[[ Source data, beginning ]]

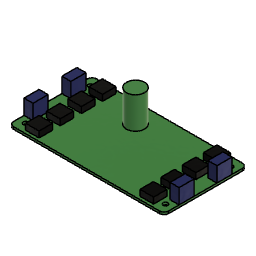
四路驱动模块 v2 (Autodesk Fusion 360 design; units mm, degrees)
Autodesk Fusion 360 part; units mm, degrees
sketch "草图1" plane through (0, 0, 0) normal (0, 0, 1) x (1, 0, 0)
  line L0 (3, 0) -> (100.2, 0)
  line L1 (103.2, 3) -> (103.2, 52.2)
  line L2 (100.2, 55.2) -> (3, 55.2)
  line L3 (0, 52.2) -> (0, 3)
  line L4 (-10, 27.6) -> (117.08, 27.6)
  line L5 (51.6, 65) -> (51.6, -15)
  circle A0 centre (5, 49.2) radius 1.6
  circle A1 centre (98.2, 49.2) radius 1.6
  circle A2 centre (5, 6) radius 1.6
  circle A3 centre (98.2, 6) radius 1.6
  arc A4 (3, 55.2) -> (0, 52.2) centre (3, 52.2) ccw
  arc A5 (103.2, 52.2) -> (100.2, 55.2) centre (100.2, 52.2) ccw
  arc A6 (100.2, 0) -> (103.2, 3) centre (100.2, 3) ccw
  arc A7 (0, 3) -> (3, 0) centre (3, 3) ccw
  point P0 (103.2, 0)
  point P1 (0, 55.2)
  dimension "d1" = 103.2
  dimension "d2" = 55.2
  dimension "d3" = 3.2
  dimension "d4" = 93.2
  dimension "d5" = 43.2
  dimension "d6" = 3
  constraint horizontal L0
  constraint vertical L1
  constraint horizontal L2
  constraint vertical L3
  constraint perpendicular L1 L4
  constraint perpendicular L2 L5
  constraint symmetric L1 L3 L5
  constraint symmetric L0 L2 L4
  constraint symmetric L5 A0 A1
  constraint symmetric L4 A0 A2
  constraint symmetric L4 A1 A3
  constraint coincident P1 L2
  constraint coincident P1 L3
  constraint tangent L2 A4
  constraint tangent L3 A4
  constraint tangent L1 A5
  constraint tangent L2 A5
  constraint equal A4 A5
  constraint coincident P0 L0
  constraint coincident P0 L1
  constraint tangent L0 A6
  constraint tangent L1 A6
  constraint equal A4 A6
  constraint tangent L0 A7
  constraint tangent L3 A7
  constraint equal A4 A7
  measures "d1" distance of origin P0
  measures "d2" distance of origin P1
  measures "d3" diameter of A0
  measures "d4" distance of A2.centre A3.centre
  measures "d5" distance of A0.centre A2.centre
  measures "d6" radius of A4
extrude "拉伸1" add sketch "草图1" along normal blind 1.5 makes body 1
sketch "草图2" plane through (0, 0, 1.5) normal (0, 0, 1) x (-1, 0, 0)
  circle A0 centre (-98.2, -6) radius 1.6
  circle A1 centre (-5, -49.2) radius 1.6
  circle A2 centre (-5, -6) radius 1.6
  circle A3 centre (-98.2, -49.2) radius 1.6
  arc A4 (0, -3) -> (-3, 0) centre (-3, -3) ccw
  line L0 (-3, 0) -> (-100.2, 0)
  arc A5 (-100.2, 0) -> (-103.2, -3) centre (-100.2, -3) ccw
  line L1 (-103.2, -3) -> (-103.2, -52.2)
  arc A6 (-103.2, -52.2) -> (-100.2, -55.2) centre (-100.2, -52.2) ccw
  line L2 (-100.2, -55.2) -> (-3, -55.2)
  arc A7 (-3, -55.2) -> (0, -52.2) centre (-3, -52.2) ccw
  line L3 (0, -52.2) -> (0, -3)
  line L4 (11.7384, -27.6) -> (-122.0621, -27.6)
  line L5 (-51.6, -62.4053) -> (-51.6, 35)
  line L6 (0, -45.2) -> (-6, -45.2)
  line L7 (-6, -45.2) -> (-6, -35.2)
  line L8 (-6, -35.2) -> (0, -35.2)
  line L9 (0, -35.2) -> (0, -45.2)
  line L10 (-97.2, -35.2) -> (-103.2, -35.2)
  line L11 (-103.2, -35.2) -> (-103.2, -45.2)
  line L12 (-103.2, -45.2) -> (-97.2, -45.2)
  line L13 (-97.2, -45.2) -> (-97.2, -35.2)
  line L14 (0, -10) -> (-6, -10)
  line L15 (-6, -10) -> (-6, -20)
  line L16 (0, -20) -> (0, -10)
  line L17 (-6, -20) -> (0, -20)
  line L18 (-97.2, -20) -> (-103.2, -20)
  line L19 (-103.2, -10) -> (-97.2, -10)
  line L20 (-97.2, -10) -> (-97.2, -20)
  line L21 (-103.2, -20) -> (-103.2, -10)
  dimension "d9" = 10
  dimension "d10" = 6
  dimension "d11" = 10
  constraint perpendicular L3 L4
  constraint vertical L5
  constraint symmetric L1 L3 L5
  constraint symmetric L0 L2 L4
  constraint horizontal L6
  constraint vertical L7
  constraint horizontal L8
  constraint vertical L9
  constraint coincident L3 L6.start
  constraint symmetric L5 L6.start L11.end
  constraint symmetric L5 L6.end L12.end
  constraint symmetric L5 L7.end L10.start
  constraint symmetric L5 L8.end L10.end
  constraint symmetric L4 L6.start L14.start
  constraint symmetric L4 L6.end L14.end
  constraint symmetric L4 L7.end L15.end
  constraint symmetric L4 L8.end L16.start
  constraint symmetric L4 L10.start L18.start
  constraint symmetric L4 L10.end L18.end
  constraint symmetric L4 L11.end L19.start
  constraint symmetric L4 L12.end L19.end
  measures "d9" distance of L6.start L8.end
  measures "d10" distance of L6.start L6.end
  measures "d11" distance of L2 L6
extrude "拉伸2" add sketch "草图2" along normal blind 10 separate body contours L3 L14 L15 L16 L17 | L3 L6 L7 L8 L9 | L1 L18 L19 L20 L21 | L1 L10 L11 L12 L13 makes body 2 at (0, 16.6667, 4.8333) makes body 3 at (97.2, 41.8667, 4.8333) makes body 4 at (0, 41.8667, 4.8333) makes body 5 at (97.2, 13.3333, 4.8333)
sketch "草图3" plane through (0, 0, 1.5) normal (0, 0, 1) x (-1, 0, 0)
  circle A0 centre (-98.2, -6) radius 1.6
  circle A1 centre (-5, -49.2) radius 1.6
  circle A2 centre (-5, -6) radius 1.6
  circle A3 centre (-98.2, -49.2) radius 1.6
  arc A4 (0, -3) -> (-3, 0) centre (-3, -3) ccw
  line L0 (-3, 0) -> (-100.2, 0)
  arc A5 (-100.2, 0) -> (-103.2, -3) centre (-100.2, -3) ccw
  line L1 (-103.2, -3) -> (-103.2, -52.2)
  arc A6 (-103.2, -52.2) -> (-100.2, -55.2) centre (-100.2, -52.2) ccw
  line L2 (-100.2, -55.2) -> (-3, -55.2)
  arc A7 (-3, -55.2) -> (0, -52.2) centre (-3, -52.2) ccw
  line L3 (0, -52.2) -> (0, -3)
  line L4 (8.1327, -27.6) -> (-117.8159, -27.6)
  line L5 (-51.6, -63.777) -> (-51.6, 13.1538)
  line L6 (-9, -53.2) -> (-18, -53.2)
  line L7 (-18, -53.2) -> (-18, -44.2)
  line L8 (-18, -44.2) -> (-9, -44.2)
  line L9 (-9, -44.2) -> (-9, -53.2)
  line L10 (-9, -39.2) -> (-18, -39.2)
  line L11 (-18, -39.2) -> (-18, -30.2)
  line L12 (-18, -30.2) -> (-9, -30.2)
  line L13 (-9, -30.2) -> (-9, -39.2)
  line L14 (-18, -11) -> (-9, -11)
  line L15 (-9, -2) -> (-18, -2)
  line L16 (-9, -11) -> (-9, -2)
  line L17 (-18, -2) -> (-18, -11)
  line L18 (-9, -16) -> (-18, -16)
  line L19 (-9, -25) -> (-9, -16)
  line L20 (-18, -16) -> (-18, -25)
  line L21 (-18, -25) -> (-9, -25)
  line L22 (-94.2, -53.2) -> (-85.2, -53.2)
  line L23 (-94.2, -44.2) -> (-94.2, -53.2)
  line L24 (-85.2, -53.2) -> (-85.2, -44.2)
  line L25 (-85.2, -44.2) -> (-94.2, -44.2)
  line L26 (-94.2, -39.2) -> (-85.2, -39.2)
  line L27 (-94.2, -30.2) -> (-94.2, -39.2)
  line L28 (-85.2, -39.2) -> (-85.2, -30.2)
  line L29 (-85.2, -30.2) -> (-94.2, -30.2)
  line L30 (-85.2, -25) -> (-94.2, -25)
  line L31 (-94.2, -25) -> (-94.2, -16)
  line L32 (-85.2, -16) -> (-85.2, -25)
  line L33 (-94.2, -16) -> (-85.2, -16)
  line L34 (-85.2, -11) -> (-94.2, -11)
  line L35 (-94.2, -11) -> (-94.2, -2)
  line L36 (-85.2, -2) -> (-85.2, -11)
  line L37 (-94.2, -2) -> (-85.2, -2)
  dimension "d14" = 9
  dimension "d15" = 9
  dimension "d16" = 9
  dimension "d17" = 9
  dimension "d18" = 2
  dimension "d19" = 16
  dimension "d20" = 9
  dimension "d21" = 9
  constraint perpendicular L1 L4
  constraint perpendicular L4 L5
  constraint symmetric L1 L3 L5
  constraint symmetric L0 L2 L4
  constraint horizontal L6
  constraint vertical L7
  constraint horizontal L8
  constraint vertical L9
  constraint horizontal L10
  constraint vertical L11
  constraint horizontal L12
  constraint vertical L13
  constraint symmetric L4 L6.start L15.start
  constraint symmetric L4 L6.end L15.end
  constraint symmetric L4 L7.end L14.start
  constraint symmetric L4 L8.end L14.end
  constraint symmetric L4 L10.start L18.start
  constraint symmetric L4 L10.end L18.end
  constraint symmetric L4 L11.end L20.end
  constraint symmetric L4 L12.end L19.start
  constraint symmetric L5 L6.start L22.start
  constraint symmetric L5 L6.end L22.end
  constraint symmetric L5 L7.end L24.end
  constraint symmetric L5 L8.end L23.start
  constraint symmetric L5 L10.start L26.start
  constraint symmetric L5 L10.end L26.end
  constraint symmetric L5 L11.end L28.end
  constraint symmetric L5 L12.end L27.start
  constraint symmetric L5 L14.start L34.start
  constraint symmetric L5 L14.end L34.end
  constraint symmetric L5 L15.start L35.end
  constraint symmetric L5 L15.end L36.start
  constraint symmetric L5 L18.start L31.end
  constraint symmetric L5 L18.end L32.start
  constraint symmetric L5 L19.start L30.end
  constraint symmetric L5 L20.end L30.start
  measures "d14" distance of L6.start L6.end
  measures "d15" distance of L6.end L7.end
  measures "d16" distance of L10.end L11.end
  measures "d17" distance of L11.end L12.end
  measures "d18" distance of L2 L6
  measures "d19" distance of L2 L10
  measures "d20" distance of L3 L9
  measures "d21" distance of L3 L13
extrude "拉伸3" add sketch "草图3" along normal blind 4 separate body contours L6 L7 L8 L9 | L10 L11 L12 L13 | L14 L15 L16 L17 | L18 L19 L20 L21 | L22 L23 L24 L25 | L26 L27 L28 L29 | L30 L31 L32 L33 | L34 L35 L36 L37 makes body 6 at (88.2, 33.2, 1.5) makes body 7 at (12, 36.2, 1.5) makes body 8 at (15, 22, 1.5) makes body 9 at (91.2, 19, 1.5) makes body 10 at (88.2, 47.2, 1.5) makes body 11 at (15, 50.2, 1.5) makes body 12 at (12, 8, 1.5) makes body 13 at (88.2, 8, 1.5)
sketch "草图4" plane through (0, 0, 1.5) normal (0, 0, 1) x (-1, 0, 0)
  circle A0 centre (-98.2, -6) radius 1.6
  circle A1 centre (-5, -49.2) radius 1.6
  circle A2 centre (-5, -6) radius 1.6
  circle A3 centre (-98.2, -49.2) radius 1.6
  arc A4 (0, -3) -> (-3, 0) centre (-3, -3) ccw
  line L0 (-3, 0) -> (-100.2, 0)
  arc A5 (-100.2, 0) -> (-103.2, -3) centre (-100.2, -3) ccw
  line L1 (-103.2, -3) -> (-103.2, -52.2)
  arc A6 (-103.2, -52.2) -> (-100.2, -55.2) centre (-100.2, -52.2) ccw
  line L2 (-100.2, -55.2) -> (-3, -55.2)
  arc A7 (-3, -55.2) -> (0, -52.2) centre (-3, -52.2) ccw
  line L3 (0, -52.2) -> (0, -3)
  circle A8 centre (-42, -42.2) radius 6
  dimension "d24" = 42
  dimension "d25" = 13
  dimension "d26" = 12
  measures "d24" distance of L3 A8.centre
  measures "d25" distance of L2 A8.centre
  measures "d26" diameter of A8
extrude "拉伸4" add sketch "草图4" along normal blind 21 separate body contours A8 makes body 14
sketch "草图5" plane through (0, 0, 1.5) normal (0, 0, 1) x (-1, 0, 0)
  circle A0 centre (-98.2, -6) radius 1.6
  circle A1 centre (-5, -49.2) radius 1.6
  circle A2 centre (-5, -6) radius 1.6
  circle A3 centre (-98.2, -49.2) radius 1.6
  arc A4 (0, -3) -> (-3, 0) centre (-3, -3) ccw
  line L0 (-3, 0) -> (-100.2, 0)
  arc A5 (-100.2, 0) -> (-103.2, -3) centre (-100.2, -3) ccw
  line L1 (-103.2, -3) -> (-103.2, -52.2)
  arc A6 (-103.2, -52.2) -> (-100.2, -55.2) centre (-100.2, -52.2) ccw
  line L2 (-100.2, -55.2) -> (-3, -55.2)
  arc A7 (-3, -55.2) -> (0, -52.2) centre (-3, -52.2) ccw
  line L3 (0, -52.2) -> (0, -3)
sketch "草图6" plane through (0, 0, 1.5) normal (0, 0, 1) x (1, 0, 0)
copy_body "实体->零部件1" bodies 1 removing the originals makes body 15 in component "Component'"
copy_body "实体->零部件2" bodies 2 removing the originals makes body 16 in component "Component''"
copy_body "实体->零部件3" bodies 3 removing the originals makes body 17 in component "Component'''"
copy_body "实体->零部件4" bodies 4 removing the originals makes body 18 in component "Component''''"
copy_body "实体->零部件5" bodies 5 removing the originals makes body 19 in component "Component'''''"
copy_body "实体->零部件6" bodies 6 removing the originals makes body 20 in component "Component''''''"
copy_body "实体->零部件7" bodies 7 removing the originals makes body 21 in component "Component'''''''"
copy_body "实体->零部件8" bodies 8 removing the originals makes body 22 in component "Component''''''''"
copy_body "实体->零部件9" bodies 9 removing the originals makes body 23 in component "Component'''''''''"
copy_body "实体->零部件10" bodies 10 removing the originals makes body 24 in component "Component''''''''''"
copy_body "实体->零部件11" bodies 11 removing the originals makes body 25 in component "Component'''''''''''"
copy_body "实体->零部件12" bodies 12 removing the originals makes body 26 in component "Component''''''''''''"
copy_body "实体->零部件13" bodies 13 removing the originals makes body 27 in component "Component'''''''''''''"
copy_body "实体->零部件14" bodies 14 removing the originals makes body 28 in component "Component''''''''''''''"
component "Component'" placed x (1, 0, 0) y (0, 1, 0) z (0, 0, 1) at (0, 0, 0)
component "Component''" placed x (1, 0, 0) y (0, 1, 0) z (0, 0, 1) at (0, 0, 0)
component "Component'''" placed x (1, 0, 0) y (0, 1, 0) z (0, 0, 1) at (0, 0, 0)
component "Component''''" placed x (1, 0, 0) y (0, 1, 0) z (0, 0, 1) at (0, 0, 0)
component "Component'''''" placed x (1, 0, 0) y (0, 1, 0) z (0, 0, 1) at (0, 0, 0)
component "Component''''''" placed x (1, 0, 0) y (0, 1, 0) z (0, 0, 1) at (0, 0, 0)
component "Component'''''''" placed x (1, 0, 0) y (0, 1, 0) z (0, 0, 1) at (0, 0, 0)
component "Component''''''''" placed x (1, 0, 0) y (0, 1, 0) z (0, 0, 1) at (0, 0, 0)
component "Component'''''''''" placed x (1, 0, 0) y (0, 1, 0) z (0, 0, 1) at (0, 0, 0)
component "Component''''''''''" placed x (1, 0, 0) y (0, 1, 0) z (0, 0, 1) at (0, 0, 0)
component "Component'''''''''''" placed x (1, 0, 0) y (0, 1, 0) z (0, 0, 1) at (0, 0, 0)
component "Component''''''''''''" placed x (1, 0, 0) y (0, 1, 0) z (0, 0, 1) at (0, 0, 0)
component "Component'''''''''''''" placed x (1, 0, 0) y (0, 1, 0) z (0, 0, 1) at (0, 0, 0)
component "Component''''''''''''''" placed x (1, 0, 0) y (0, 1, 0) z (0, 0, 1) at (0, 0, 0)

[[ Source data, end ]]

# Work instruction:
Only lines with the word "tangent" are needed. Copy them from the preceding records.

# Solution below:
  constraint tangent L2 A4
  constraint tangent L3 A4
  constraint tangent L1 A5
  constraint tangent L2 A5
  constraint tangent L0 A6
  constraint tangent L1 A6
  constraint tangent L0 A7
  constraint tangent L3 A7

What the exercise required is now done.